• SANAT
  • 9 SORUDA
  • DİKEN ÖZEL
  • GÜNÜN 11'i
  • DİKENLİK
  • AKŞAM POSTASI
  • SPOR
  • VPN HABER

Diken

Yaramazlara biraz batar!

  • VİTRİN
  • AKTÜEL
  • EKONOMİ
  • ANALİZ
  • DÜNYA
  • MEDYA
  • KEYİF
  • YAZARLAR
  • SÜRDÜRÜLEBİLİRLİK

Herkesin bildiği sır: Sağlık çalışanları arasında anestezik ilaç bağımlılığı

26/10/2022 13:55

BBC Türkçe Servisi, Türkiye’de sağlık çalışanları arasındaki anestezik madde bağımlılığı sorununu masaya yatırdı. Sebepler arasında, maddeye erişimin kolaylığı, tükenmişlik, yoğun hayat içerisinde hayatı kaçırma hissi ve merak duygusu gösteriliyor.

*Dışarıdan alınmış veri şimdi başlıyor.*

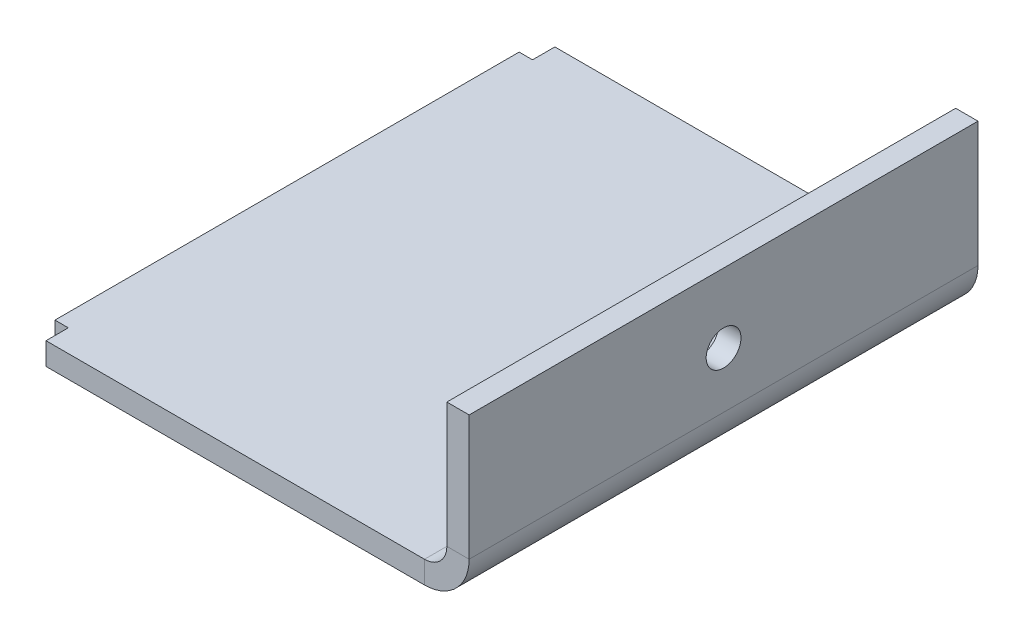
ISO-10303-21;
HEADER;
FILE_DESCRIPTION(('STEP AP214'),'2;1');
FILE_NAME('part.step','',(''),(''),'','','');
FILE_SCHEMA(('AUTOMOTIVE_DESIGN { 1 0 10303 214 1 1 1 1 }'));
ENDSEC;
DATA;
#1=APPLICATION_CONTEXT('core data for automotive mechanical design processes');
#2=APPLICATION_PROTOCOL_DEFINITION('international standard','automotive_design',2000,#1);
#3=PRODUCT_CONTEXT('',#1,'mechanical');
#4=PRODUCT('Part','Part','',(#3));
#5=PRODUCT_RELATED_PRODUCT_CATEGORY('part','',(#4));
#6=PRODUCT_DEFINITION_FORMATION('','',#4);
#7=PRODUCT_DEFINITION_CONTEXT('part definition',#1,'design');
#8=PRODUCT_DEFINITION('design','',#6,#7);
#9=PRODUCT_DEFINITION_SHAPE('','',#8);
#10=(LENGTH_UNIT() NAMED_UNIT(*) SI_UNIT(.MILLI.,.METRE.));
#11=(NAMED_UNIT(*) PLANE_ANGLE_UNIT() SI_UNIT($,.RADIAN.));
#12=(NAMED_UNIT(*) SI_UNIT($,.STERADIAN.) SOLID_ANGLE_UNIT());
#13=UNCERTAINTY_MEASURE_WITH_UNIT(LENGTH_MEASURE(1.E-05),#10,'distance_accuracy_value','');
#14=(GEOMETRIC_REPRESENTATION_CONTEXT(3) GLOBAL_UNCERTAINTY_ASSIGNED_CONTEXT((#13)) GLOBAL_UNIT_ASSIGNED_CONTEXT((#10,
#11,#12)) REPRESENTATION_CONTEXT('',''));
#15=CARTESIAN_POINT('',(0.,0.,0.));
#16=DIRECTION('',(0.,0.,1.));
#17=DIRECTION('',(1.,0.,0.));
#18=AXIS2_PLACEMENT_3D('',#15,#16,#17);
#19=CARTESIAN_POINT('',(97.8,5.,0.));
#20=DIRECTION('',(0.,0.,-1.));
#21=DIRECTION('',(-1.,0.,0.));
#22=AXIS2_PLACEMENT_3D('',#19,#20,#21);
#23=PLANE('',#22);
#24=DIRECTION('',(1.,0.,0.));
#25=VECTOR('',#24,1.);
#26=CARTESIAN_POINT('',(0.,-5.,0.));
#27=LINE('',#26,#25);
#28=CARTESIAN_POINT('',(3.,-5.,0.));
#29=VERTEX_POINT('',#28);
#30=CARTESIAN_POINT('',(87.8,-5.,0.));
#31=VERTEX_POINT('',#30);
#32=EDGE_CURVE('E221',#29,#31,#27,.T.);
#33=ORIENTED_EDGE('',*,*,#32,.F.);
#34=DIRECTION('',(0.,-1.,0.));
#35=VECTOR('',#34,1.);
#36=CARTESIAN_POINT('',(3.,199.918692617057,0.));
#37=LINE('',#36,#35);
#38=CARTESIAN_POINT('',(3.,0.,0.));
#39=VERTEX_POINT('',#38);
#40=EDGE_CURVE('E169',#39,#29,#37,.T.);
#41=ORIENTED_EDGE('',*,*,#40,.F.);
#42=DIRECTION('',(1.,0.,0.));
#43=VECTOR('',#42,1.);
#44=CARTESIAN_POINT('',(0.,0.,0.));
#45=LINE('',#44,#43);
#46=CARTESIAN_POINT('',(87.8,0.,0.));
#47=VERTEX_POINT('',#46);
#48=EDGE_CURVE('E219',#39,#47,#45,.T.);
#49=ORIENTED_EDGE('',*,*,#48,.T.);
#50=DIRECTION('',(0.,-1.,0.));
#51=VECTOR('',#50,1.);
#52=CARTESIAN_POINT('',(87.8,0.,0.));
#53=LINE('',#52,#51);
#54=EDGE_CURVE('E245',#47,#31,#53,.T.);
#55=ORIENTED_EDGE('',*,*,#54,.T.);
#56=EDGE_LOOP('',(#33,#41,#49,#55));
#57=FACE_BOUND('',#56,.T.);
#58=ADVANCED_FACE('F34',(#57),#23,.T.);
#59=CARTESIAN_POINT('',(0.,0.,114.));
#60=DIRECTION('',(0.,1.,0.));
#61=DIRECTION('',(0.,0.,1.));
#62=AXIS2_PLACEMENT_3D('',#59,#60,#61);
#63=PLANE('',#62);
#64=DIRECTION('',(1.,0.,0.));
#65=VECTOR('',#64,1.);
#66=CARTESIAN_POINT('',(0.,0.,109.));
#67=LINE('',#66,#65);
#68=CARTESIAN_POINT('',(0.,0.,109.));
#69=VERTEX_POINT('',#68);
#70=CARTESIAN_POINT('',(3.,0.,109.));
#71=VERTEX_POINT('',#70);
#72=EDGE_CURVE('E49',#69,#71,#67,.T.);
#73=ORIENTED_EDGE('',*,*,#72,.T.);
#74=DIRECTION('',(0.,0.,1.));
#75=VECTOR('',#74,1.);
#76=CARTESIAN_POINT('',(3.,0.,114.));
#77=LINE('',#76,#75);
#78=CARTESIAN_POINT('',(3.,0.,114.));
#79=VERTEX_POINT('',#78);
#80=EDGE_CURVE('E136',#71,#79,#77,.T.);
#81=ORIENTED_EDGE('',*,*,#80,.T.);
#82=DIRECTION('',(1.,0.,0.));
#83=VECTOR('',#82,1.);
#84=CARTESIAN_POINT('',(0.,0.,114.));
#85=LINE('',#84,#83);
#86=CARTESIAN_POINT('',(87.8,0.,114.));
#87=VERTEX_POINT('',#86);
#88=EDGE_CURVE('E124',#79,#87,#85,.T.);
#89=ORIENTED_EDGE('',*,*,#88,.T.);
#90=DIRECTION('',(0.,0.,-1.));
#91=VECTOR('',#90,1.);
#92=CARTESIAN_POINT('',(87.8,0.,114.));
#93=LINE('',#92,#91);
#94=EDGE_CURVE('E234',#87,#47,#93,.T.);
#95=ORIENTED_EDGE('',*,*,#94,.T.);
#96=ORIENTED_EDGE('',*,*,#48,.F.);
#97=DIRECTION('',(0.,0.,1.));
#98=VECTOR('',#97,1.);
#99=CARTESIAN_POINT('',(3.,0.,114.));
#100=LINE('',#99,#98);
#101=CARTESIAN_POINT('',(3.,0.,5.));
#102=VERTEX_POINT('',#101);
#103=EDGE_CURVE('E56',#39,#102,#100,.T.);
#104=ORIENTED_EDGE('',*,*,#103,.T.);
#105=DIRECTION('',(-1.,0.,0.));
#106=VECTOR('',#105,1.);
#107=CARTESIAN_POINT('',(-1.5757071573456E-13,0.,5.));
#108=LINE('',#107,#106);
#109=CARTESIAN_POINT('',(0.,0.,5.00000000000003));
#110=VERTEX_POINT('',#109);
#111=EDGE_CURVE('E182',#102,#110,#108,.T.);
#112=ORIENTED_EDGE('',*,*,#111,.T.);
#113=DIRECTION('',(0.,0.,-1.));
#114=VECTOR('',#113,1.);
#115=CARTESIAN_POINT('',(0.,0.,114.));
#116=LINE('',#115,#114);
#117=EDGE_CURVE('E231',#69,#110,#116,.T.);
#118=ORIENTED_EDGE('',*,*,#117,.F.);
#119=EDGE_LOOP('',(#73,#81,#89,#95,#96,#104,#112,#118));
#120=FACE_BOUND('',#119,.T.);
#121=ADVANCED_FACE('F137',(#120),#63,.T.);
#122=CARTESIAN_POINT('',(0.,-5.,114.));
#123=DIRECTION('',(-1.,0.,0.));
#124=DIRECTION('',(0.,0.,1.));
#125=AXIS2_PLACEMENT_3D('',#122,#123,#124);
#126=PLANE('',#125);
#127=DIRECTION('',(0.,-1.,0.));
#128=VECTOR('',#127,1.);
#129=CARTESIAN_POINT('',(0.,199.918692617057,109.));
#130=LINE('',#129,#128);
#131=CARTESIAN_POINT('',(0.,-5.,109.));
#132=VERTEX_POINT('',#131);
#133=EDGE_CURVE('E172',#69,#132,#130,.T.);
#134=ORIENTED_EDGE('',*,*,#133,.F.);
#135=ORIENTED_EDGE('',*,*,#117,.T.);
#136=DIRECTION('',(0.,-1.,0.));
#137=VECTOR('',#136,1.);
#138=CARTESIAN_POINT('',(0.,199.918692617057,5.));
#139=LINE('',#138,#137);
#140=CARTESIAN_POINT('',(0.,-5.,5.00000000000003));
#141=VERTEX_POINT('',#140);
#142=EDGE_CURVE('E157',#110,#141,#139,.T.);
#143=ORIENTED_EDGE('',*,*,#142,.T.);
#144=DIRECTION('',(0.,0.,-1.));
#145=VECTOR('',#144,1.);
#146=CARTESIAN_POINT('',(0.,-5.,114.));
#147=LINE('',#146,#145);
#148=EDGE_CURVE('E165',#132,#141,#147,.T.);
#149=ORIENTED_EDGE('',*,*,#148,.F.);
#150=EDGE_LOOP('',(#134,#135,#143,#149));
#151=FACE_BOUND('',#150,.T.);
#152=ADVANCED_FACE('F290',(#151),#126,.T.);
#153=CARTESIAN_POINT('',(0.,-5.,114.));
#154=DIRECTION('',(0.,1.,0.));
#155=DIRECTION('',(0.,0.,1.));
#156=AXIS2_PLACEMENT_3D('',#153,#154,#155);
#157=PLANE('',#156);
#158=DIRECTION('',(0.,0.,1.));
#159=VECTOR('',#158,1.);
#160=CARTESIAN_POINT('',(3.,-5.,114.));
#161=LINE('',#160,#159);
#162=CARTESIAN_POINT('',(3.,-5.,109.));
#163=VERTEX_POINT('',#162);
#164=CARTESIAN_POINT('',(3.,-5.,114.));
#165=VERTEX_POINT('',#164);
#166=EDGE_CURVE('E141',#163,#165,#161,.T.);
#167=ORIENTED_EDGE('',*,*,#166,.F.);
#168=DIRECTION('',(1.,0.,0.));
#169=VECTOR('',#168,1.);
#170=CARTESIAN_POINT('',(0.,-5.,109.));
#171=LINE('',#170,#169);
#172=EDGE_CURVE('E11',#132,#163,#171,.T.);
#173=ORIENTED_EDGE('',*,*,#172,.F.);
#174=ORIENTED_EDGE('',*,*,#148,.T.);
#175=DIRECTION('',(-1.,0.,0.));
#176=VECTOR('',#175,1.);
#177=CARTESIAN_POINT('',(-1.5757071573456E-13,-5.,5.));
#178=LINE('',#177,#176);
#179=CARTESIAN_POINT('',(3.,-5.,5.));
#180=VERTEX_POINT('',#179);
#181=EDGE_CURVE('E42',#180,#141,#178,.T.);
#182=ORIENTED_EDGE('',*,*,#181,.F.);
#183=DIRECTION('',(0.,0.,1.));
#184=VECTOR('',#183,1.);
#185=CARTESIAN_POINT('',(3.,-5.,114.));
#186=LINE('',#185,#184);
#187=EDGE_CURVE('E145',#29,#180,#186,.T.);
#188=ORIENTED_EDGE('',*,*,#187,.F.);
#189=ORIENTED_EDGE('',*,*,#32,.T.);
#190=DIRECTION('',(0.,0.,-1.));
#191=VECTOR('',#190,1.);
#192=CARTESIAN_POINT('',(87.8,-5.,114.));
#193=LINE('',#192,#191);
#194=CARTESIAN_POINT('',(87.8,-5.,114.));
#195=VERTEX_POINT('',#194);
#196=EDGE_CURVE('E227',#195,#31,#193,.T.);
#197=ORIENTED_EDGE('',*,*,#196,.F.);
#198=DIRECTION('',(1.,0.,0.));
#199=VECTOR('',#198,1.);
#200=CARTESIAN_POINT('',(0.,-5.,114.));
#201=LINE('',#200,#199);
#202=EDGE_CURVE('E133',#165,#195,#201,.T.);
#203=ORIENTED_EDGE('',*,*,#202,.F.);
#204=EDGE_LOOP('',(#167,#173,#174,#182,#188,#189,#197,#203));
#205=FACE_BOUND('',#204,.T.);
#206=ADVANCED_FACE('F162',(#205),#157,.F.);
#207=CARTESIAN_POINT('',(87.8,5.,114.));
#208=DIRECTION('',(0.,0.,-1.));
#209=DIRECTION('',(-1.,0.,0.));
#210=AXIS2_PLACEMENT_3D('',#207,#208,#209);
#211=PLANE('',#210);
#212=DIRECTION('',(0.,1.,0.));
#213=VECTOR('',#212,1.);
#214=CARTESIAN_POINT('',(3.,5.,114.));
#215=LINE('',#214,#213);
#216=EDGE_CURVE('E127',#165,#79,#215,.T.);
#217=ORIENTED_EDGE('',*,*,#216,.F.);
#218=ORIENTED_EDGE('',*,*,#202,.T.);
#219=DIRECTION('',(0.,1.,0.));
#220=VECTOR('',#219,1.);
#221=CARTESIAN_POINT('',(87.8,-5.,114.));
#222=LINE('',#221,#220);
#223=EDGE_CURVE('E130',#195,#87,#222,.T.);
#224=ORIENTED_EDGE('',*,*,#223,.T.);
#225=ORIENTED_EDGE('',*,*,#88,.F.);
#226=EDGE_LOOP('',(#217,#218,#224,#225));
#227=FACE_BOUND('',#226,.T.);
#228=ADVANCED_FACE('F125',(#227),#211,.F.);
#229=CARTESIAN_POINT('',(92.8,5.,114.));
#230=DIRECTION('',(0.,0.,1.));
#231=DIRECTION('',(1.,0.,0.));
#232=AXIS2_PLACEMENT_3D('',#229,#230,#231);
#233=PLANE('',#232);
#234=DIRECTION('',(1.,0.,0.));
#235=VECTOR('',#234,1.);
#236=CARTESIAN_POINT('',(92.8,5.,114.));
#237=LINE('',#236,#235);
#238=CARTESIAN_POINT('',(92.8,5.,114.));
#239=VERTEX_POINT('',#238);
#240=CARTESIAN_POINT('',(97.8,5.,114.));
#241=VERTEX_POINT('',#240);
#242=EDGE_CURVE('E146',#239,#241,#237,.T.);
#243=ORIENTED_EDGE('',*,*,#242,.F.);
#244=CARTESIAN_POINT('',(87.8,5.,114.));
#245=DIRECTION('',(0.,0.,-1.));
#246=DIRECTION('',(-1.,0.,0.));
#247=AXIS2_PLACEMENT_3D('',#244,#245,#246);
#248=CIRCLE('',#247,5.);
#249=EDGE_CURVE('E134',#87,#239,#248,.F.);
#250=ORIENTED_EDGE('',*,*,#249,.F.);
#251=ORIENTED_EDGE('',*,*,#223,.F.);
#252=CARTESIAN_POINT('',(87.8,5.,114.));
#253=DIRECTION('',(0.,0.,1.));
#254=DIRECTION('',(1.,0.,0.));
#255=AXIS2_PLACEMENT_3D('',#252,#253,#254);
#256=CIRCLE('',#255,10.);
#257=EDGE_CURVE('E204',#195,#241,#256,.T.);
#258=ORIENTED_EDGE('',*,*,#257,.T.);
#259=EDGE_LOOP('',(#243,#250,#251,#258));
#260=FACE_BOUND('',#259,.T.);
#261=ADVANCED_FACE('F36',(#260),#233,.T.);
#262=CARTESIAN_POINT('',(87.8,-5.,114.));
#263=DIRECTION('',(0.,0.,1.));
#264=DIRECTION('',(1.,0.,0.));
#265=AXIS2_PLACEMENT_3D('',#262,#263,#264);
#266=PLANE('',#265);
#267=DIRECTION('',(0.,1.,0.));
#268=VECTOR('',#267,1.);
#269=CARTESIAN_POINT('',(92.8,0.,114.));
#270=LINE('',#269,#268);
#271=CARTESIAN_POINT('',(92.8,33.,114.));
#272=VERTEX_POINT('',#271);
#273=EDGE_CURVE('E198',#239,#272,#270,.T.);
#274=ORIENTED_EDGE('',*,*,#273,.F.);
#275=ORIENTED_EDGE('',*,*,#242,.T.);
#276=DIRECTION('',(0.,1.,0.));
#277=VECTOR('',#276,1.);
#278=CARTESIAN_POINT('',(97.8,0.,114.));
#279=LINE('',#278,#277);
#280=CARTESIAN_POINT('',(97.8,33.,114.));
#281=VERTEX_POINT('',#280);
#282=EDGE_CURVE('E192',#241,#281,#279,.T.);
#283=ORIENTED_EDGE('',*,*,#282,.T.);
#284=DIRECTION('',(1.,0.,0.));
#285=VECTOR('',#284,1.);
#286=CARTESIAN_POINT('',(92.8,33.,114.));
#287=LINE('',#286,#285);
#288=EDGE_CURVE('E194',#272,#281,#287,.T.);
#289=ORIENTED_EDGE('',*,*,#288,.F.);
#290=EDGE_LOOP('',(#274,#275,#283,#289));
#291=FACE_BOUND('',#290,.T.);
#292=ADVANCED_FACE('F277',(#291),#266,.T.);
#293=CARTESIAN_POINT('',(87.8,0.,0.));
#294=DIRECTION('',(0.,0.,-1.));
#295=DIRECTION('',(-1.,0.,0.));
#296=AXIS2_PLACEMENT_3D('',#293,#294,#295);
#297=PLANE('',#296);
#298=ORIENTED_EDGE('',*,*,#54,.F.);
#299=CARTESIAN_POINT('',(87.8,5.,0.));
#300=DIRECTION('',(0.,0.,-1.));
#301=DIRECTION('',(-1.,0.,0.));
#302=AXIS2_PLACEMENT_3D('',#299,#300,#301);
#303=CIRCLE('',#302,5.);
#304=CARTESIAN_POINT('',(92.8,5.,0.));
#305=VERTEX_POINT('',#304);
#306=EDGE_CURVE('E216',#47,#305,#303,.F.);
#307=ORIENTED_EDGE('',*,*,#306,.T.);
#308=DIRECTION('',(-1.,0.,0.));
#309=VECTOR('',#308,1.);
#310=CARTESIAN_POINT('',(97.8,5.,0.));
#311=LINE('',#310,#309);
#312=CARTESIAN_POINT('',(97.8,5.,0.));
#313=VERTEX_POINT('',#312);
#314=EDGE_CURVE('E243',#313,#305,#311,.T.);
#315=ORIENTED_EDGE('',*,*,#314,.F.);
#316=CARTESIAN_POINT('',(87.8,5.,0.));
#317=DIRECTION('',(0.,0.,1.));
#318=DIRECTION('',(1.,0.,0.));
#319=AXIS2_PLACEMENT_3D('',#316,#317,#318);
#320=CIRCLE('',#319,10.);
#321=EDGE_CURVE('E195',#31,#313,#320,.T.);
#322=ORIENTED_EDGE('',*,*,#321,.F.);
#323=EDGE_LOOP('',(#298,#307,#315,#322));
#324=FACE_BOUND('',#323,.T.);
#325=ADVANCED_FACE('F255',(#324),#297,.T.);
#326=CARTESIAN_POINT('',(97.8,0.,114.));
#327=DIRECTION('',(-1.,0.,0.));
#328=DIRECTION('',(0.,0.,1.));
#329=AXIS2_PLACEMENT_3D('',#326,#327,#328);
#330=PLANE('',#329);
#331=CARTESIAN_POINT('',(97.8,17.5,57.));
#332=DIRECTION('',(1.,0.,0.));
#333=DIRECTION('',(0.,0.,-1.));
#334=AXIS2_PLACEMENT_3D('',#331,#332,#333);
#335=CIRCLE('',#334,3.9);
#336=CARTESIAN_POINT('',(97.8,17.5,53.1));
#337=VERTEX_POINT('',#336);
#338=EDGE_CURVE('E185',#337,#337,#335,.T.);
#339=ORIENTED_EDGE('',*,*,#338,.F.);
#340=EDGE_LOOP('',(#339));
#341=FACE_BOUND('',#340,.T.);
#342=DIRECTION('',(0.,1.,0.));
#343=VECTOR('',#342,1.);
#344=CARTESIAN_POINT('',(97.8,0.,0.));
#345=LINE('',#344,#343);
#346=CARTESIAN_POINT('',(97.8,33.,0.));
#347=VERTEX_POINT('',#346);
#348=EDGE_CURVE('E189',#313,#347,#345,.T.);
#349=ORIENTED_EDGE('',*,*,#348,.T.);
#350=DIRECTION('',(0.,0.,-1.));
#351=VECTOR('',#350,1.);
#352=CARTESIAN_POINT('',(97.8,33.,114.));
#353=LINE('',#352,#351);
#354=EDGE_CURVE('E241',#281,#347,#353,.T.);
#355=ORIENTED_EDGE('',*,*,#354,.F.);
#356=ORIENTED_EDGE('',*,*,#282,.F.);
#357=DIRECTION('',(0.,0.,-1.));
#358=VECTOR('',#357,1.);
#359=CARTESIAN_POINT('',(97.8,5.,114.));
#360=LINE('',#359,#358);
#361=EDGE_CURVE('E207',#241,#313,#360,.T.);
#362=ORIENTED_EDGE('',*,*,#361,.T.);
#363=EDGE_LOOP('',(#349,#355,#356,#362));
#364=FACE_BOUND('',#363,.T.);
#365=ADVANCED_FACE('F275',(#341,#364),#330,.F.);
#366=CARTESIAN_POINT('',(92.8,33.,114.));
#367=DIRECTION('',(0.,1.,0.));
#368=DIRECTION('',(0.,0.,1.));
#369=AXIS2_PLACEMENT_3D('',#366,#367,#368);
#370=PLANE('',#369);
#371=DIRECTION('',(1.,0.,0.));
#372=VECTOR('',#371,1.);
#373=CARTESIAN_POINT('',(92.8,33.,0.));
#374=LINE('',#373,#372);
#375=CARTESIAN_POINT('',(92.8,33.,0.));
#376=VERTEX_POINT('',#375);
#377=EDGE_CURVE('E210',#376,#347,#374,.T.);
#378=ORIENTED_EDGE('',*,*,#377,.F.);
#379=DIRECTION('',(0.,0.,-1.));
#380=VECTOR('',#379,1.);
#381=CARTESIAN_POINT('',(92.8,33.,114.));
#382=LINE('',#381,#380);
#383=EDGE_CURVE('E239',#272,#376,#382,.T.);
#384=ORIENTED_EDGE('',*,*,#383,.F.);
#385=ORIENTED_EDGE('',*,*,#288,.T.);
#386=ORIENTED_EDGE('',*,*,#354,.T.);
#387=EDGE_LOOP('',(#378,#384,#385,#386));
#388=FACE_BOUND('',#387,.T.);
#389=ADVANCED_FACE('F271',(#388),#370,.T.);
#390=CARTESIAN_POINT('',(92.8,0.,114.));
#391=DIRECTION('',(-1.,0.,0.));
#392=DIRECTION('',(0.,0.,1.));
#393=AXIS2_PLACEMENT_3D('',#390,#391,#392);
#394=PLANE('',#393);
#395=CARTESIAN_POINT('',(92.8,17.5,57.));
#396=DIRECTION('',(1.,0.,0.));
#397=DIRECTION('',(0.,0.,-1.));
#398=AXIS2_PLACEMENT_3D('',#395,#396,#397);
#399=CIRCLE('',#398,3.9);
#400=CARTESIAN_POINT('',(92.8,17.5,53.1));
#401=VERTEX_POINT('',#400);
#402=EDGE_CURVE('E186',#401,#401,#399,.T.);
#403=ORIENTED_EDGE('',*,*,#402,.T.);
#404=EDGE_LOOP('',(#403));
#405=FACE_BOUND('',#404,.T.);
#406=DIRECTION('',(0.,1.,0.));
#407=VECTOR('',#406,1.);
#408=CARTESIAN_POINT('',(92.8,0.,0.));
#409=LINE('',#408,#407);
#410=EDGE_CURVE('E213',#305,#376,#409,.T.);
#411=ORIENTED_EDGE('',*,*,#410,.F.);
#412=DIRECTION('',(0.,0.,-1.));
#413=VECTOR('',#412,1.);
#414=CARTESIAN_POINT('',(92.8,5.,114.));
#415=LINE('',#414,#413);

Fotoğraf: Video görüntüsü / BBC

Araştırmalar, Türkiye’de pek çok sağlık çalışanı hastane envanterindeki narkotik ilaçlara bağımlılık geliştirdiğini ortaya koyuyor. Tükenmişlik, sağlıkçılara şiddet gibi nedenler bağımlılık sebebi olabilirken, ‘aşırı doz’ nedeniyle hayatını kaybeden hemşire Emel Yüce’nin annesi, bu duruma ağır çalışma koşullarının neden olduğunu savunarak ‘mesleki hastalık’ olarak kabul edilmesini istiyor.


BBC Türkçe’nin haberine göre Türkiye’de sağlık çalışanları arasında anestezik madde bağımlılığının ne kadar yaygın olduğuna dair resmi veri bulunmuyor. Ancak çok sayıda uzman ‘yüksek ses konuşulmayan’ bu sorunun giderek yaygınlaştığı görüşünde.

Öyle ki Acil Tıp Uzmanları Derneği’nin (ATUDER) ‘Acil Servis Çalışanlarında Madde Bağımlılığı ve Öz Kıyım Riski’ raporuna göre 2009-2019 arasında aşırı doz ilaç sebebiyle 50 sağlık çalışanı odasında ölü bulundu.

BBC’nin Ekim-Haziran 2022 arasında yaptığı medya taramasına göre ise ‘anestezi, acil servis ya da yoğun bakım’ bölümlerinde çalışan en az altı sağlıkçı daha şüpheli bir şekilde hayatını kaybetti.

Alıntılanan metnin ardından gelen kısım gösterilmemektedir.